Hope, it seemed in the conversations I had with Galway fans after the game, only really started to rise for them after the 60th minute when they were still boldly stating their case to the All-Ireland champions Limerick.

One losing team last weekend had been dealing with hope for almost a month, the other had 15 minutes of it. Its cruel extinguishment was pretty painful, but what they carry forward after it was strikingly different.

Galway have had a generation of players deliver them one All-Ireland and another three All-Ireland final defeats in the last decade and it was natural that people presumed many of those players would need to be phased out when Shefflin took on the job.

From the 2015 All-Ireland final, 10 of the 26 named that day are still involved in the squad, and indeed are the centrepieces of the team – but the performances of Pádraic Mannion (29), Daithí Burke (29), Conor Cooney (29), Joseph Cooney (31), David Burke (32) and others suggest that there’s plenty of hurling still left in those legs.
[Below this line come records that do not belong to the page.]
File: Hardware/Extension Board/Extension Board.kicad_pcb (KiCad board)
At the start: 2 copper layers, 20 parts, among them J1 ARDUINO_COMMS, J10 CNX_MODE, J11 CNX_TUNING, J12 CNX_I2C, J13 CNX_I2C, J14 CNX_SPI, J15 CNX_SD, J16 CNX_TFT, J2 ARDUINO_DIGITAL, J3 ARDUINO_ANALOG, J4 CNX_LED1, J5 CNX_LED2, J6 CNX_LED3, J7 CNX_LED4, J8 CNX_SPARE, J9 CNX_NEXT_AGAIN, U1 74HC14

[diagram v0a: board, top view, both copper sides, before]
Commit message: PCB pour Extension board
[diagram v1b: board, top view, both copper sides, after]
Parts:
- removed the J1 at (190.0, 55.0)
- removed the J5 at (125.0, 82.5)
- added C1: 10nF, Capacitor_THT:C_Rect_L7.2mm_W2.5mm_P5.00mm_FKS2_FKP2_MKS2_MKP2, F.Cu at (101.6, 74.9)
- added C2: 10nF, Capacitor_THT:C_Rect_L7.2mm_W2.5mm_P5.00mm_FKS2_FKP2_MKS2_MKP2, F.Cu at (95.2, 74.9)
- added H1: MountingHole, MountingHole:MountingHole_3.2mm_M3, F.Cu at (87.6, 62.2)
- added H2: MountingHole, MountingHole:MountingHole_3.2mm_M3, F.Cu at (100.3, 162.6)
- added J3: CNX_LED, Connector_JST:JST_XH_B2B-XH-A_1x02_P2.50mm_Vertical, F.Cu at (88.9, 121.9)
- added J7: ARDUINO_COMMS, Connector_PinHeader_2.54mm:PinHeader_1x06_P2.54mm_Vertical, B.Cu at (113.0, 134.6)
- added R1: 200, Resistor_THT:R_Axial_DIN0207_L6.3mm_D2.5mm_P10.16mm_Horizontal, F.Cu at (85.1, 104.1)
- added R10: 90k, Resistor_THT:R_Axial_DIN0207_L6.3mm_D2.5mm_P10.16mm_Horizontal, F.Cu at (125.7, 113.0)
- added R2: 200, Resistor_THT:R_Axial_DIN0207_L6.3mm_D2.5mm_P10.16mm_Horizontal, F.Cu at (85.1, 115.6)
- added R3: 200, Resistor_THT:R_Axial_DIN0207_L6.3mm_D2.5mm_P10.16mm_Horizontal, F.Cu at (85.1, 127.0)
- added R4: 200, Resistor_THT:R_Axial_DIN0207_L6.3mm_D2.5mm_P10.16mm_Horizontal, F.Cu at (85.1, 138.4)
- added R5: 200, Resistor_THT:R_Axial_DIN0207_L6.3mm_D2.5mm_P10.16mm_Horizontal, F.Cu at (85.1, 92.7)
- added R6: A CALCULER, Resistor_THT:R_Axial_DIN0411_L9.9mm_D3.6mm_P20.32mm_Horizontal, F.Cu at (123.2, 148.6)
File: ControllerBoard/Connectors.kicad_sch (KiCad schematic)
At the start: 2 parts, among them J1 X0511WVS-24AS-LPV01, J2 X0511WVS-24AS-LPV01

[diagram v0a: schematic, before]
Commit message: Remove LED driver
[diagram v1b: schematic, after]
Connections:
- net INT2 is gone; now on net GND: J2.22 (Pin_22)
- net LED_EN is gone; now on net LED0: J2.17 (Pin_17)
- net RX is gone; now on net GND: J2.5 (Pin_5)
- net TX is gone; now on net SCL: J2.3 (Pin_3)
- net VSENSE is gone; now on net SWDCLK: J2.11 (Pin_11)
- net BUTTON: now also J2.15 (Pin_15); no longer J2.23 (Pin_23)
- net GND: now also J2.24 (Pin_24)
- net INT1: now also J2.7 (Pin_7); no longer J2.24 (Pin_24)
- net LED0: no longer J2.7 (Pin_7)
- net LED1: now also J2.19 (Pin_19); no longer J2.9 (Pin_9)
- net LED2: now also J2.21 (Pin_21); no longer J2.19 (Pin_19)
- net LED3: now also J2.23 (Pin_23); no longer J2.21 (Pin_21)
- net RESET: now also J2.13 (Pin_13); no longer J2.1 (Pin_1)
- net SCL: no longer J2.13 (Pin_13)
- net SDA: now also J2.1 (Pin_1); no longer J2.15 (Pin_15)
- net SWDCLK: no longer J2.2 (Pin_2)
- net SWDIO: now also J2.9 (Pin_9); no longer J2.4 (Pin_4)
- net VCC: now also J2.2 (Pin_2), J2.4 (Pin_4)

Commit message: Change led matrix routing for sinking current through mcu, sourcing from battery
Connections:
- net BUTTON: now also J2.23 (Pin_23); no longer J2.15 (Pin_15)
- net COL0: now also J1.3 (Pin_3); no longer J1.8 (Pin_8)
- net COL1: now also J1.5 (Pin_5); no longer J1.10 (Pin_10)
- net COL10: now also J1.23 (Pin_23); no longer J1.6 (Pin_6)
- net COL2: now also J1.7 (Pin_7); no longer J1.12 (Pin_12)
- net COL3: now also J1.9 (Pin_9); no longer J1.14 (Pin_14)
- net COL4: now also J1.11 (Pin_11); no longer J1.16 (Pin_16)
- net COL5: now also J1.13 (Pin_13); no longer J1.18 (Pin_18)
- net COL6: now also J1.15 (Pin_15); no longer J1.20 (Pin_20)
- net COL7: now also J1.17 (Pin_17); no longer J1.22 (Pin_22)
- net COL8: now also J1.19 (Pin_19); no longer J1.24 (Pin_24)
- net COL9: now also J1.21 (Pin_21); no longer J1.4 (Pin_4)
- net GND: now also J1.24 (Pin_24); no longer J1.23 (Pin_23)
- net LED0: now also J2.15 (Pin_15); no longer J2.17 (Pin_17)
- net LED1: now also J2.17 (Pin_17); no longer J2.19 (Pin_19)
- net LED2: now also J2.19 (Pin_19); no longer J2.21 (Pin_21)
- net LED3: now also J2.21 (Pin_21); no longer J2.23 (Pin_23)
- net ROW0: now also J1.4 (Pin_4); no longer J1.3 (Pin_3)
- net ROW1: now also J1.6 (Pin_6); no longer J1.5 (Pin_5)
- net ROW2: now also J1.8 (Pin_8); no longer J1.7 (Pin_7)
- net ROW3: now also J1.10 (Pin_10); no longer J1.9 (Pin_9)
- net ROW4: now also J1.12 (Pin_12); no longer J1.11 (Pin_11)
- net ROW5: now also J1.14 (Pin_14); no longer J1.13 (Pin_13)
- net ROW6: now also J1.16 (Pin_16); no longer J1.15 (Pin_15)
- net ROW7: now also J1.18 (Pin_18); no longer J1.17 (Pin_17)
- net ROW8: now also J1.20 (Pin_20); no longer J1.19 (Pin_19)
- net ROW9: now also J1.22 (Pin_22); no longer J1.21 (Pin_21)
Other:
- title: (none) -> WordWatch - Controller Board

They didn’t just survive the Limerick crucible, they thrived in it.

Their displays, and the growing assurance of Jack Grealish, Darren Morrissey, Tom Monaghan and Ronan Glennon means Galway supporters are far more upbeat about the future than they were at midday on Sunday. Nothing in their championship season became them like the leaving of it.

Clare supporters on the other hand will try and sift through the wreckage and see if there’s anything that can be salvaged. They had allowed hope to become expectation, and their reaction to things not going to plan early on was to allow all composure to leave their play. They had not prepared themselves to be ambushed quite so effectively.

They will in time be able to see that the year had positives, but there’s an inevitable feeling that great wins secured in a season with no silverware, and a depressing ending, were all for naught.

The truth, for Galway and for Clare, lies somewhere in the middle of the two extremes. Galway have set themselves a bar that many will expect them to hit when the pressure comes on next year, and Clare have far more reasons to be positive than we saw last Saturday evening.

But we in the GAA fetishise the winners more than in any sport. If they were doing early morning sessions when they won last year, that means we must do them this year.

I spoke to a multi-All-Ireland winning player last year about rumours of discontent in some GAA squad or another, and he told me: “You wouldn’t believe the stories you could tell from any season we won an All-Ireland that would be perfect examples of going off the script. But we win. So it’s all grand.”

Not everything the winners do is right. Not everything you do when you don’t win is wrong. The losers last week, and the losers on Sunday week, would do well to remember that.